TASK DETAILS: For every line in the records that has the word "start", make a copy.

(Stored dataset items)

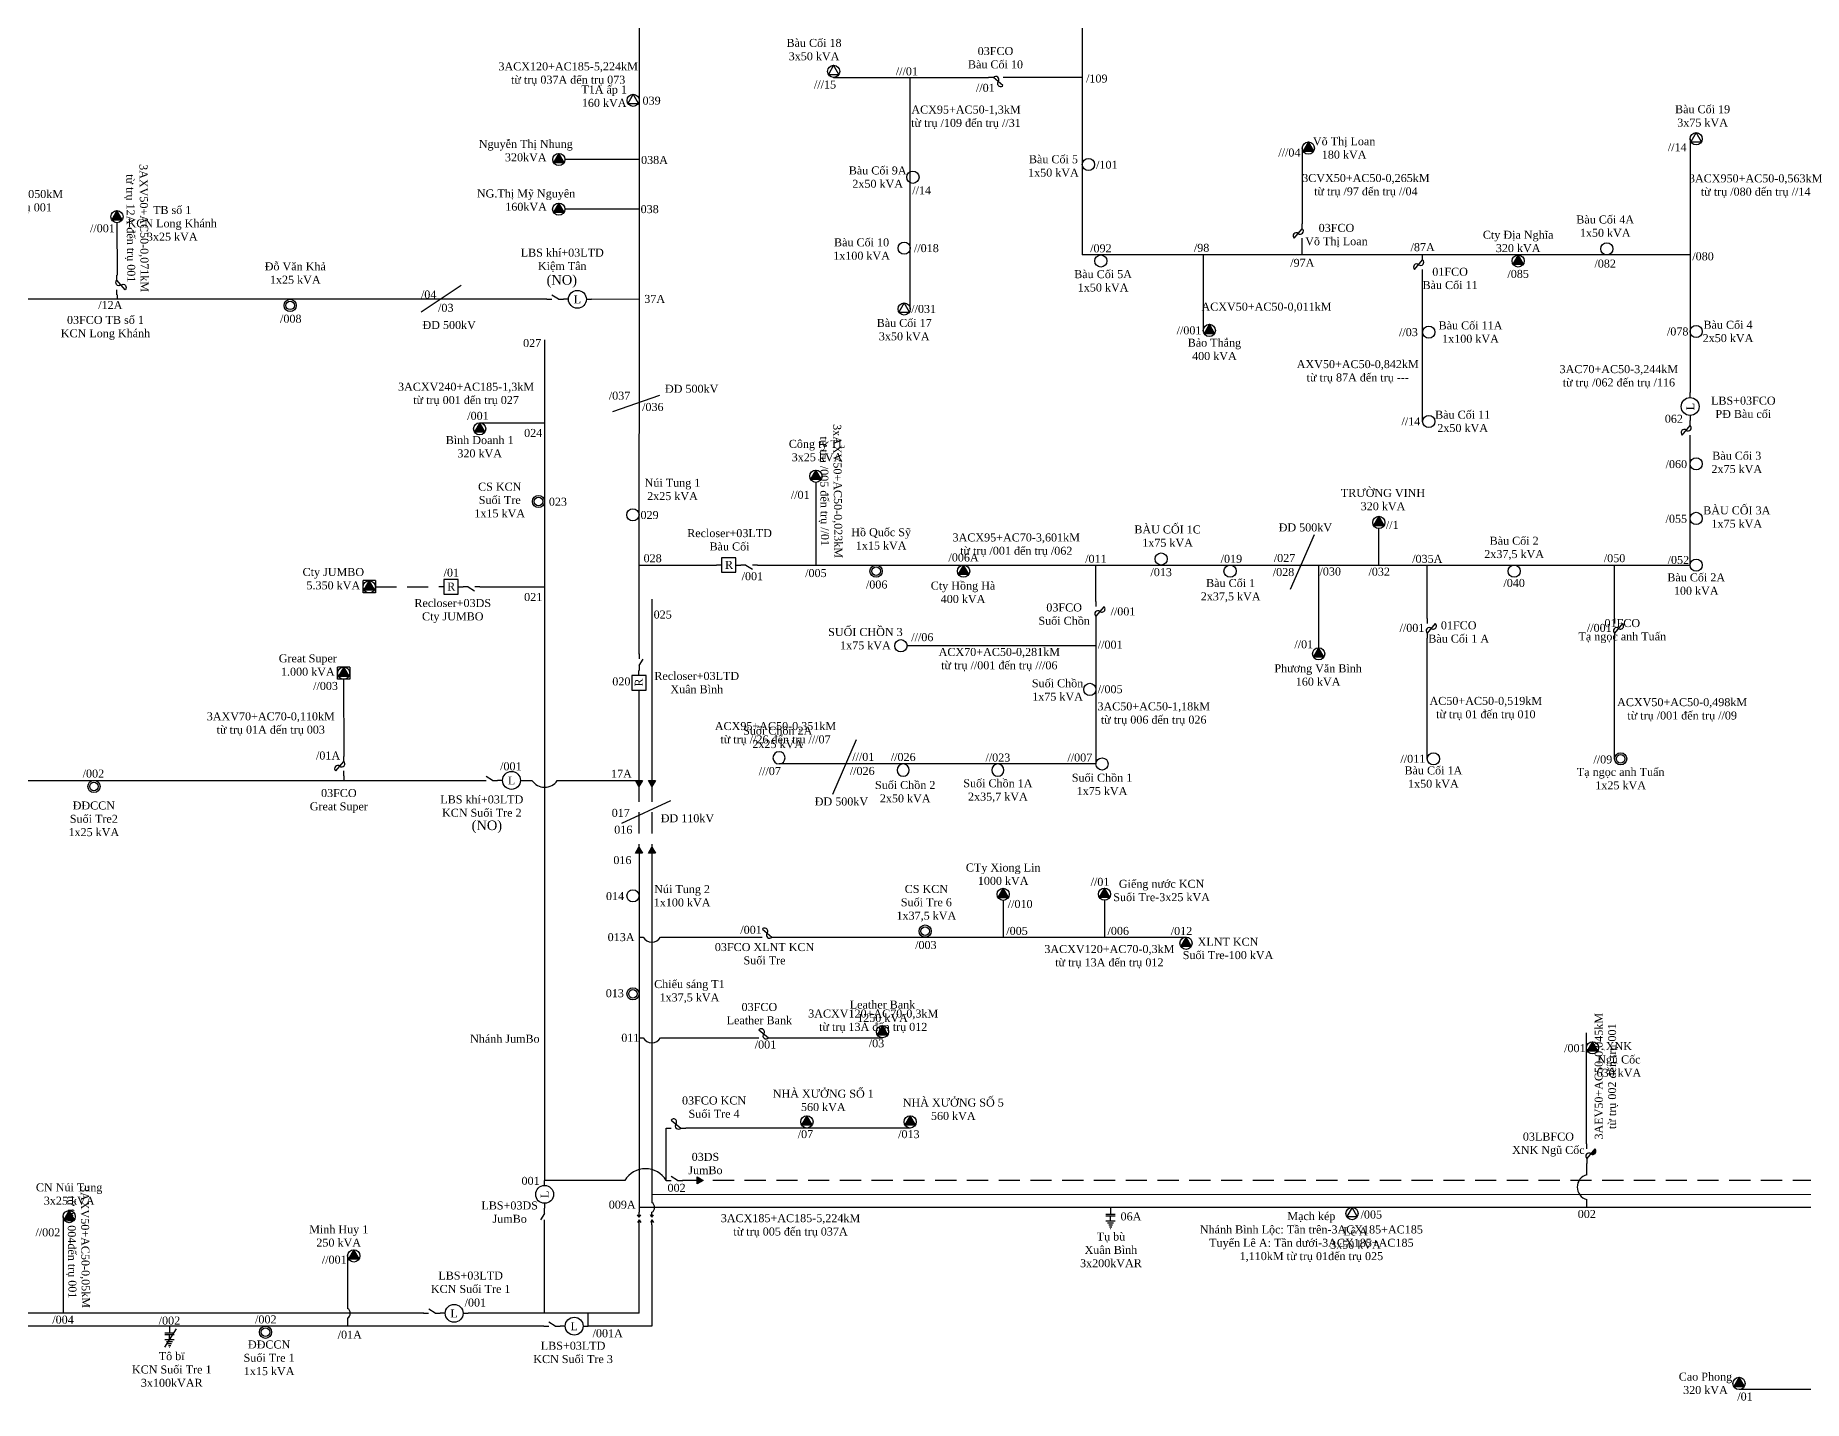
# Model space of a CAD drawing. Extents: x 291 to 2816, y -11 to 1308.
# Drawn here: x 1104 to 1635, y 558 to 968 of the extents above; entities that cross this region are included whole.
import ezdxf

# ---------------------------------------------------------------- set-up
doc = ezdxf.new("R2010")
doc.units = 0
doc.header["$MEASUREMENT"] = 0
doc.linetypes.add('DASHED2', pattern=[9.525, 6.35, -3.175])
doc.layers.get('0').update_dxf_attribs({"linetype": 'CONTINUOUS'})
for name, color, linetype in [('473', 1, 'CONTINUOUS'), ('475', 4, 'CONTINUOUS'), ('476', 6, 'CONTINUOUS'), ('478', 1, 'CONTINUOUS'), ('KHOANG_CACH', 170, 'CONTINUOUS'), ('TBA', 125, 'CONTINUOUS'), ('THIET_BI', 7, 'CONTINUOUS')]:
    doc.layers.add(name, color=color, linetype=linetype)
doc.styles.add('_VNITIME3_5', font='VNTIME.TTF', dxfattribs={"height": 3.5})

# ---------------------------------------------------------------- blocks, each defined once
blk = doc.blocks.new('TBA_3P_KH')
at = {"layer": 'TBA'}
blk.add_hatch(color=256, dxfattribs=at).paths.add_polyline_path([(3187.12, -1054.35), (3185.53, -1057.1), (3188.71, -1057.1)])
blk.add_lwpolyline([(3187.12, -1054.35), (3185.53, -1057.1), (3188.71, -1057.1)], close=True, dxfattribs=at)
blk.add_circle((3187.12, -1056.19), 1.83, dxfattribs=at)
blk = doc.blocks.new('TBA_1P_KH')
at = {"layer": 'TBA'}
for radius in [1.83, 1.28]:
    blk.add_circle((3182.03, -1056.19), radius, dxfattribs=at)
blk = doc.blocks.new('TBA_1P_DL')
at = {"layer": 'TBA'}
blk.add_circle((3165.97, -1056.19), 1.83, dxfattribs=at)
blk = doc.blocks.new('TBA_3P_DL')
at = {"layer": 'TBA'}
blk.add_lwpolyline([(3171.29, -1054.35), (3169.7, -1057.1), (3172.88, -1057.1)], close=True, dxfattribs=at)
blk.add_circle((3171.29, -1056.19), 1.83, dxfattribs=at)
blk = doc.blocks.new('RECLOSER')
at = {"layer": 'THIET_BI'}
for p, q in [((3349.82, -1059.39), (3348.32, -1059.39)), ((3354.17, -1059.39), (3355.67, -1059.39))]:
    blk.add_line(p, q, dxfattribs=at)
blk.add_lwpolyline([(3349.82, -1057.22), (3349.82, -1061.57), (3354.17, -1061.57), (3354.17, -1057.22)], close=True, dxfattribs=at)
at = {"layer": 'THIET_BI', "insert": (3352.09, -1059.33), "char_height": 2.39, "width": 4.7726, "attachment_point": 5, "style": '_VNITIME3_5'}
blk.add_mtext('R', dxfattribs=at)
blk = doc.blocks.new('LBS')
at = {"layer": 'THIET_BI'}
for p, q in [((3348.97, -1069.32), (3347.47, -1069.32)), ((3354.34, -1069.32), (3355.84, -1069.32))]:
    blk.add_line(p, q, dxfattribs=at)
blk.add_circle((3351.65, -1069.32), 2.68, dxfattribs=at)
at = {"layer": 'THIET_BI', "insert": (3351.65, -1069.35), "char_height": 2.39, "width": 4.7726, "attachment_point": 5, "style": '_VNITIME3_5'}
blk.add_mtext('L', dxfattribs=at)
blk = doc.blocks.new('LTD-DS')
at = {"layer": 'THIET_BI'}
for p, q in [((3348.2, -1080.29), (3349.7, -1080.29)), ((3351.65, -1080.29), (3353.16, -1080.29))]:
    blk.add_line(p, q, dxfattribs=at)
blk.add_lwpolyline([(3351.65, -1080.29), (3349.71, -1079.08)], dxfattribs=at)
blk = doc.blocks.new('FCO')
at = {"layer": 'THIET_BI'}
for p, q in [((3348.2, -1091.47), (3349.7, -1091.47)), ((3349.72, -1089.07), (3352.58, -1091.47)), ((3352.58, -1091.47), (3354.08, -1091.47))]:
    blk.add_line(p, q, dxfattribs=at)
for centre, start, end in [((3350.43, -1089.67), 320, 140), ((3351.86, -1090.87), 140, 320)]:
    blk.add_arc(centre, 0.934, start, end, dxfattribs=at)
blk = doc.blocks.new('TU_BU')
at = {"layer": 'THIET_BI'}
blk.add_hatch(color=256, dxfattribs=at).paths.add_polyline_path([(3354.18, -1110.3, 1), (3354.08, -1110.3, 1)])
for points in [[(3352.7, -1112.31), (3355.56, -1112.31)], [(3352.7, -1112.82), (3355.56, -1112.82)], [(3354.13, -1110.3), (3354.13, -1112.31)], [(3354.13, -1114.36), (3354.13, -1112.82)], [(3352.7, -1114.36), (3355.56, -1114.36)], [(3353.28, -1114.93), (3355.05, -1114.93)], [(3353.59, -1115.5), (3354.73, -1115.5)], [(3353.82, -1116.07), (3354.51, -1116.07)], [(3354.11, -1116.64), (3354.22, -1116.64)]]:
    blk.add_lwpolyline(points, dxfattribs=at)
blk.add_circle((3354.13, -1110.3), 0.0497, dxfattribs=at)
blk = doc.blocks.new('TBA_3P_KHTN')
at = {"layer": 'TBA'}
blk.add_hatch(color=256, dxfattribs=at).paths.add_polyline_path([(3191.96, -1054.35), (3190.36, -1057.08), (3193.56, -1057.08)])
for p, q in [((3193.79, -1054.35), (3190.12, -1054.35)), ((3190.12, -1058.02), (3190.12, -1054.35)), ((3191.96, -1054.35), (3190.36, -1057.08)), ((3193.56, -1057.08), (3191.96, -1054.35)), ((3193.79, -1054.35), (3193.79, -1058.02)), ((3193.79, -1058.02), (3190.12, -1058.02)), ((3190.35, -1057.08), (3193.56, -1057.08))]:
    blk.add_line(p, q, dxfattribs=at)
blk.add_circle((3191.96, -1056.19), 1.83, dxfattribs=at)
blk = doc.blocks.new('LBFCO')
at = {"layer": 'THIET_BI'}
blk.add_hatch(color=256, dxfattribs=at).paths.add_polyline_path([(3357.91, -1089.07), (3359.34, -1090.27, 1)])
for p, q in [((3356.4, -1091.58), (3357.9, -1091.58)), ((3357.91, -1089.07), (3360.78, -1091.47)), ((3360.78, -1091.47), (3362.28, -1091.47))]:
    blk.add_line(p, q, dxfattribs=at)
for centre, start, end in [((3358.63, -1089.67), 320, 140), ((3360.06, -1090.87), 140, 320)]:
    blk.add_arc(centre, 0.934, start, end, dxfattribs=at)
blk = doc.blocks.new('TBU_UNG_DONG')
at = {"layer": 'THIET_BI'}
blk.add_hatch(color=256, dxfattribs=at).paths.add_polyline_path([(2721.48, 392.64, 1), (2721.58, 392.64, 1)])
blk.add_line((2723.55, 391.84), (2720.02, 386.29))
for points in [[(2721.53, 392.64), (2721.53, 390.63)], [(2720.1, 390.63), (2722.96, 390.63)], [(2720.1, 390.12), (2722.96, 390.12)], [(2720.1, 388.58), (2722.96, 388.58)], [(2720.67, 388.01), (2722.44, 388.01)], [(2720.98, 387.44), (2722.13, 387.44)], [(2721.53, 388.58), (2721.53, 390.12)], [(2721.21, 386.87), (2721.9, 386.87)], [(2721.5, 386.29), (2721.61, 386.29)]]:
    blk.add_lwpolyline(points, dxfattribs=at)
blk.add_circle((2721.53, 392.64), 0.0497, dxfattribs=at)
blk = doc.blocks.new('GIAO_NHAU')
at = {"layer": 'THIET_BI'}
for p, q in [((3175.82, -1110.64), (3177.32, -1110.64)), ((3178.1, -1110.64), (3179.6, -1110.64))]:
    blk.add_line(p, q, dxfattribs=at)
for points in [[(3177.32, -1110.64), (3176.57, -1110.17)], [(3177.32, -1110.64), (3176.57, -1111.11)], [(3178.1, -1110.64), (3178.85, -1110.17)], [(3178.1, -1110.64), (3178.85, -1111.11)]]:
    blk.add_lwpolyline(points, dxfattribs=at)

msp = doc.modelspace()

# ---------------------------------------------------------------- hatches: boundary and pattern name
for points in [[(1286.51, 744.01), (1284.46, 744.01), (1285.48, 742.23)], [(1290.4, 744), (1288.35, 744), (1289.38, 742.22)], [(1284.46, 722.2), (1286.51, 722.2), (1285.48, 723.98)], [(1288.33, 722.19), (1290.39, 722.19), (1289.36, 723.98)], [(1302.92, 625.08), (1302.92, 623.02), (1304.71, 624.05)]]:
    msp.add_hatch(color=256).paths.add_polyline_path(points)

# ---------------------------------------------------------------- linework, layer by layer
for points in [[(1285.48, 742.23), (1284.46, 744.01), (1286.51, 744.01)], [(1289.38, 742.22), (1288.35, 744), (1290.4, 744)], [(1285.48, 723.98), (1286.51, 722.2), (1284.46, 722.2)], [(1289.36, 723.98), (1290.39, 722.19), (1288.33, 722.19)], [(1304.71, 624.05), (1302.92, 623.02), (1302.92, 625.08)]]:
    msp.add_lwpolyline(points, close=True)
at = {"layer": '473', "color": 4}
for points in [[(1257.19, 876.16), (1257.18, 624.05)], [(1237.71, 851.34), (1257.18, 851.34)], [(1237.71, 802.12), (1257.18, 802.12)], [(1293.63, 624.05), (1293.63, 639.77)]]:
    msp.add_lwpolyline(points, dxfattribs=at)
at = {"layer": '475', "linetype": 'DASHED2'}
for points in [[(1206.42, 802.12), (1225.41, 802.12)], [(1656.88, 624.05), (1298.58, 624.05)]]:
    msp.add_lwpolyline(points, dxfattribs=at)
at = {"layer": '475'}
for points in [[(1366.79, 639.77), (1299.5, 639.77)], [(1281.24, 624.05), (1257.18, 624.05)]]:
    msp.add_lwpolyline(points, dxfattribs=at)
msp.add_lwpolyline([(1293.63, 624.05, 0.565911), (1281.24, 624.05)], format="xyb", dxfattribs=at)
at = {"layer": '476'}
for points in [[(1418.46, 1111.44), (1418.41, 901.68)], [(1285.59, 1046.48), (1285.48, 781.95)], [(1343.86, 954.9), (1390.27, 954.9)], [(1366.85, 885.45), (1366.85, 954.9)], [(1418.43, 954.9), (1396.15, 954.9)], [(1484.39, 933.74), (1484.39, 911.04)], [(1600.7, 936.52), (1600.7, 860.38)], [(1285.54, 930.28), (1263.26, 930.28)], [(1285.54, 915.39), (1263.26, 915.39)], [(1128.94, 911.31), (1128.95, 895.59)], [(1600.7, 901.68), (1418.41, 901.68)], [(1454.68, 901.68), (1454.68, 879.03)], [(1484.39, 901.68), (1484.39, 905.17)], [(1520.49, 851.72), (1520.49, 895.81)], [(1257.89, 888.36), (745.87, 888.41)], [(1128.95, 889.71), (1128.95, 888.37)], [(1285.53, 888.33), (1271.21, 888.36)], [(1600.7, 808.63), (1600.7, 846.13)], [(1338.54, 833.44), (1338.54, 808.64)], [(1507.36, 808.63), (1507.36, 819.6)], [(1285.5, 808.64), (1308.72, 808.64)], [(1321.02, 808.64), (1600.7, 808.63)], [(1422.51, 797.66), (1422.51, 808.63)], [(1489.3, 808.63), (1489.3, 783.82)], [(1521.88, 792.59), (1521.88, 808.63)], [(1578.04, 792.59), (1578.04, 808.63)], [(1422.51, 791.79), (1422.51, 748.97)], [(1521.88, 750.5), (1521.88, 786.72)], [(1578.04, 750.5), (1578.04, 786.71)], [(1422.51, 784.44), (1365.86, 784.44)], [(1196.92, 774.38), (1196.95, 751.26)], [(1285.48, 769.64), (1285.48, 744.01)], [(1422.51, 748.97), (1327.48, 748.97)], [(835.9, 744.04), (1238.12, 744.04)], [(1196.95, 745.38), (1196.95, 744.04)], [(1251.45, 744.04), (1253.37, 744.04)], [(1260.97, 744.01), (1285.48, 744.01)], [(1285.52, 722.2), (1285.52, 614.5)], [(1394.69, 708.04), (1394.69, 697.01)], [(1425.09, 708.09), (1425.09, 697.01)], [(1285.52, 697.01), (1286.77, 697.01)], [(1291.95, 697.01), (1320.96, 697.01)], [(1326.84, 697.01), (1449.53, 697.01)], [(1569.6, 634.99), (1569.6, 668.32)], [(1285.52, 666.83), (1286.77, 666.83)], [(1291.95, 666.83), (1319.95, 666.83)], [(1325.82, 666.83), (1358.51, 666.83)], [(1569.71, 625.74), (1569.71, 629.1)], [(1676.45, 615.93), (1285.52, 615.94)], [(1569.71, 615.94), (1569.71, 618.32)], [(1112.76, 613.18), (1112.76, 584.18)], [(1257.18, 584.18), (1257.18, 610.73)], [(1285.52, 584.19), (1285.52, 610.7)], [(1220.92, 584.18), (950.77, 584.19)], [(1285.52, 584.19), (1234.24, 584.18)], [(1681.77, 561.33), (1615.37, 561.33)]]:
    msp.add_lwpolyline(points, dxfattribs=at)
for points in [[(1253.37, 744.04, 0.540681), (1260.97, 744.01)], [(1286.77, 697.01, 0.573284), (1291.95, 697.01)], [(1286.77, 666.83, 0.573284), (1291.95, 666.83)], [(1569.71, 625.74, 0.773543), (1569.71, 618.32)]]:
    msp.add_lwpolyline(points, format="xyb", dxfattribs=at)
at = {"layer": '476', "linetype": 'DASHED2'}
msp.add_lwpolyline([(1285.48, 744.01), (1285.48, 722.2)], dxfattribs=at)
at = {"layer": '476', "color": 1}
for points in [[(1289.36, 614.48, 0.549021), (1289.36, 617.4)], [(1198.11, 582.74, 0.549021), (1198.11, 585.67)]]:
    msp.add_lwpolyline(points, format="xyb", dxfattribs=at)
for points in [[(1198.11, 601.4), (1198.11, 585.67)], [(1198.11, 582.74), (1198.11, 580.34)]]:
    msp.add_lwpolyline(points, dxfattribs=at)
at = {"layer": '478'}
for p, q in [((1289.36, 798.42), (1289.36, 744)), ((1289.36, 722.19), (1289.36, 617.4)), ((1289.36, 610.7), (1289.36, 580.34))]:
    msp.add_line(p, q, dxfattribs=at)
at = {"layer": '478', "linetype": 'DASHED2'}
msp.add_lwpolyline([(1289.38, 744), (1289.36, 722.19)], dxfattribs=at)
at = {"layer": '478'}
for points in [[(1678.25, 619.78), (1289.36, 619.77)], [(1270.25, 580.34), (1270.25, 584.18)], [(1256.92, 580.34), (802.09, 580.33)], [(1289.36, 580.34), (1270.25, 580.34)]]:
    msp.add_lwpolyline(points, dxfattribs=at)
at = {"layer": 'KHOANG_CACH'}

RESULT OF THE TASK:
for centre, start, end in [((3350.43, -1089.67), 320, 140), ((3351.86, -1090.87), 140, 320)]:
    blk.add_arc(centre, 0.934, start, end, dxfattribs=at)
for centre, start, end in [((3358.63, -1089.67), 320, 140), ((3360.06, -1090.87), 140, 320)]:
    blk.add_arc(centre, 0.934, start, end, dxfattribs=at)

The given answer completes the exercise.